Next Thurs., Feb. 13th, 7pm, Petaluma Grange will co-sponsor a viewing of the fine film, Symphony of the Soil, with Petaluma Seed Bank, 199 Petaluma Blvd. N.,7pm, with guest speaker and one of the film’s subjects, our local guy, Paul Kaiser of Singing Frogs Farm outside Sebastopol. Paul is locally famous for his no-till farming practice which saves a great deal of water for farmers. Film trailer is at www.youtube.com/watch?v=K5QYZ

DROUGHT is the dreaded word around here if you’re a farmer and we are (though just heard a FLOOD WARNING till 7:45pm today!) Quite strange, this weather we’re having…not entirely NATURAL? We’re part of Petaluma Grange partly because of this: we want to understand what’s going on due to climate change – and counter the bad stuff with good.

So here comes Paul Kaiser, one of the creators of this informative and beautiful film, Symphony of the Soil. Paul K is a hero to many and friend to many. His CSA (community supported agriculture) boxes are aren’t cheap at $26@ – he tells us people get on average 30% more veggies in the boxes. Gorgeous food stuffs, too, and they just harvested cabbages! (Ours just seeded).
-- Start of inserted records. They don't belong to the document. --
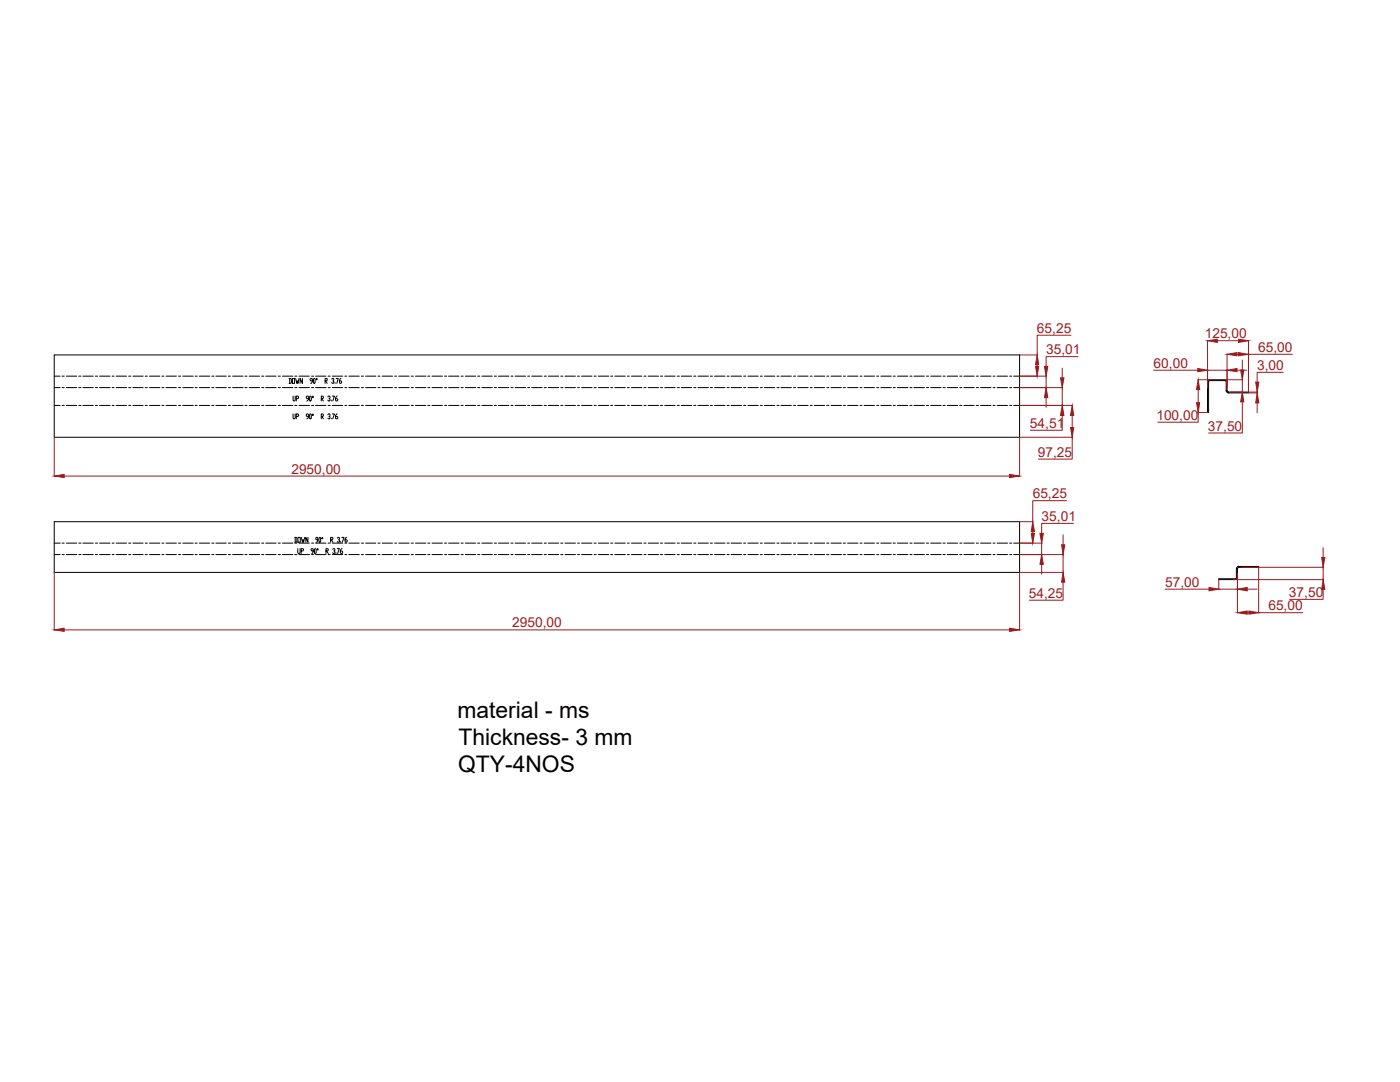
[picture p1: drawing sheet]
<svg xmlns="http://www.w3.org/2000/svg" width="279mm" height="216mm" viewBox="0 0 279 216" stroke-linecap="round" stroke-linejoin="round" font-family="sans-serif">
<!-- layer: 0 -->
<g fill="none" stroke="#000" stroke-width=".2">
<path d="M10.8 77.3h1.2M10.8 75.1h1.2M10.8 70.8h192.7v16.4h-192.7zM12.4 77.3h.4M12.4 75.1h.4M13.2 77.3h2.1M13.2 75.1h2.1M15.7 77.3h.5M15.7 75.1h.5M16.5 77.3h2.1M16.5 75.1h2.1M19 77.3h.5"/>
<path d="M19 75.1h.5M19.9 77.3h2.1M19.9 75.1h2.1M22.4 77.3h.4M22.4 75.1h.4M23.2 77.3h2.1M23.2 75.1h2.1M25.7 77.3h.4M25.7 75.1h.4M26.5 77.3h2.1M26.5 75.1h2.1M29 77.3h.4"/>
<path d="M29 75.1h.4M29.8 77.3h2.1M29.8 75.1h2.1M32.3 77.3h.4M32.3 75.1h.4M33.1 77.3h2.1M33.1 75.1h2.1M35.6 77.3h.5M35.6 75.1h.5M36.5 77.3h2.1M36.5 75.1h2.1M38.9 77.3h.5"/>
<path d="M38.9 75.1h.5M39.8 77.3h2.1M39.8 75.1h2.1M42.3 77.3h.4M42.3 75.1h.4M43.1 77.3h2.1M43.1 75.1h2.1M45.6 77.3h.4M45.6 75.1h.4M46.4 77.3h2.1M46.4 75.1h2.1M48.9 77.3h.4"/>
<path d="M48.9 75.1h.4M49.7 77.3h2.1M49.7 75.1h2.1M52.2 77.3h.4M52.2 75.1h.4M53 77.3h2.1M53 75.1h2.1M55.5 77.3h.5M55.5 75.1h.5M56.4 77.3h2M56.4 75.1h2M57.7 75.5l.5 .1v.7l-.2 .2h-.3"/>
<path d="M57.8 75.5v1M58.4 75.5h.4v1h-.4zM58.5 79l.1 1 .3-.2v-.8M58.8 77.3h.5M58.8 75.1h.5M59 75.5l.3 1v-.5l.2 .5 .2-1M59.1 79.5h.4l.1-.1-.1-.4h-.4v1M59.7 77.3h2.1M59.7 75.1h2.1M60.4 75.5v1l-.5-1v1M61.6 79.5h-.4l-.1-.1 .1-.4 .4 .2v.5l-.4 .3M61.9 79l.2 .2-.1 .8-.2-.2z"/>
<path d="M62.2 77.3h.4M62.2 75.1h.4M62.3 76h-.3l-.1-.4 .1-.1 .3 .1v.6l-.3 .3M62.4 79l.2 .2-.2 .2zM62.6 75.6l.1-.1 .2 .1v.7l-.1 .2-.2-.2zM63 77.3h2.1M63 75.1h2.1M63.1 75.6l.1-.1 .1 .1-.1 .2zM64.1 79.5h.3l.1-.1-.1-.4h-.3v1M64.2 79.5l.3 .5M64.9 76h.3v-.5h-.3v1M65 76l.3 .5"/>
<path d="M65.4 79.2l.1-.2h.3l.1 .4-.3 .1M65.5 77.3h.4M65.5 75.1h.4M65.8 79.5v.5h-.3l-.1-.2M66.1 79.8v.2M66.2 75.6l.1-.1 .3 .1-.1 .4h-.1M66.3 79h.4l-.3 1M66.3 77.3h2.1M66.3 75.1h2.1M66.5 76v.5l-.3-.2M66.9 76.3v.2M67.1 75.5h.4l-.3 1"/>
<path d="M67.3 79l-.3 .4v.4l.3 .2 .1-.3-.1-.2h-.3M68.1 75.5l-.3 .3v.5v.2h.3l.1-.3-.1-.2h-.3M68.8 77.3h.4M68.8 75.1h.4M69.6 77.3h2.1M69.6 75.1h2.1M72.1 77.3h.4M72.1 75.1h.4M73 77.3h2M73 75.1h2M75.4 77.3h.4M75.4 75.1h.4"/>
<path d="M76.3 77.3h2M76.3 75.1h2M78.8 77.3h.3M78.8 75.1h.3M79.6 77.3h2M79.6 75.1h2M82.1 77.3h.4M82.1 75.1h.4M82.9 77.3h2.1M82.9 75.1h2.1M85.4 77.3h.4M85.4 75.1h.4"/>
<path d="M86.2 77.3h2.1M86.2 75.1h2.1M88.7 77.3h.4M88.7 75.1h.4M89.5 77.3h2.1M89.5 75.1h2.1M92 77.3h.4M92 75.1h.4M92.9 77.3h2M92.9 75.1h2M95.3 77.3h.4M95.3 75.1h.4"/>
<path d="M96.2 77.3h2M96.2 75.1h2M98.7 77.3h.4M98.7 75.1h.4M99.5 77.3h2M99.5 75.1h2M102 77.3h.4M102 75.1h.4M102.8 77.3h2.1M102.8 75.1h2.1M105.3 77.3h.4M105.3 75.1h.4"/>
<path d="M106.1 77.3h2.1M106.1 75.1h2.1M108.6 77.3h.4M108.6 75.1h.4M109.4 77.3h2.1M109.4 75.1h2.1M111.9 77.3h.4M111.9 75.1h.4M112.8 77.3h2M112.8 75.1h2M115.3 77.3h.3M115.3 75.1h.3"/>
<path d="M116.1 77.3h2M116.1 75.1h2M118.6 77.3h.4M118.6 75.1h.4M119.4 77.3h2.1M119.4 75.1h2.1M121.9 77.3h.4M121.9 75.1h.4M122.7 77.3h2.1M122.7 75.1h2.1M125.2 77.3h.4M125.2 75.1h.4"/>
<path d="M126 77.3h2.1M126 75.1h2.1M128.5 77.3h.4M128.5 75.1h.4M129.4 77.3h2M129.4 75.1h2M131.8 77.3h.4M131.8 75.1h.4M132.7 77.3h2M132.7 75.1h2M135.2 77.3h.4M135.2 75.1h.4"/>
<path d="M136 77.3h2M136 75.1h2M138.5 77.3h.4M138.5 75.1h.4M139.3 77.3h2.1M139.3 75.1h2.1M141.8 77.3h.4M141.8 75.1h.4M142.6 77.3h2.1M142.6 75.1h2.1M145.1 77.3h.4M145.1 75.1h.4"/>
<path d="M145.9 77.3h2.1M145.9 75.1h2.1M148.4 77.3h.4M148.4 75.1h.4M149.3 77.3h2M149.3 75.1h2M151.8 77.3h.3M151.8 75.1h.3M152.6 77.3h2M152.6 75.1h2M155.1 77.3h.4M155.1 75.1h.4"/>
<path d="M155.9 77.3h2M155.9 75.1h2M158.4 77.3h.4M158.4 75.1h.4M159.2 77.3h2.1M159.2 75.1h2.1M161.7 77.3h.4M161.7 75.1h.4M162.5 77.3h2.1M162.5 75.1h2.1M165 77.3h.4M165 75.1h.4"/>
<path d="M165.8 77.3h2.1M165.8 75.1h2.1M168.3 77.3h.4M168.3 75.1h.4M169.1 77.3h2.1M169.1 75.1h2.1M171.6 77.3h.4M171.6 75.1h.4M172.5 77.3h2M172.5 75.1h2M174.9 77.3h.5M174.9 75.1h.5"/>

After the film, Q and A – and “cook and milkies,” silly way of saying home baked cookies and local Jersey milk are offered! We deserve it.

Though right now I see rain out my office window, and the pipes behind me are dripping water, am told we may be in a seven-year-or-longer drought – or a 143 year drought?!? Though Old Farmers Almanac (and may those old farmers know better than the rest of us!) states we’re due for serious rain in both Feb. and Mar.

Boy Howdy as My Mum (from Nebraska) used to say – we’re in some kind of trouble when ranchers have to sell – or kill -the stock they can’t afford to feed – and the feed pastures aren’t growing much around here or anywhere West or Southwest.

So thank you, Paul Kaiser, and the producers of Symphony of the Soil, filmed on four continents over four years – for the information about no-till farming helping us save water as we grow crops. Can we find grain growers who can supply people with big animals with the grain lost to drought? Sad story, very sad, especially because this drought is thought to be part of man-made climate change – the slow warming of our planet that puts us all at risk.

Though easy solutions to huge problems aren’t a snap, at least we can move in a healthy direction with our friends in the Grange, on local farms, in our community who care enough to pay attention to what the land needs so we can live our lives in relative peace and good health. A wish or reality?

I go back again to David Brower’s (founder, Sierra Club and Friends of the Earth) acronym for environmental health: CPR = conservation, preservation, restoration.

What Paul Kaiser and the producers of Symphony of the Soil offer is understanding and then restoration of the land we depend on for our wellbeing. So thank you to them, and hope many who read this will come be audience for the film next Thurs. February 13, 7pm at the Petaluma Seed Bank.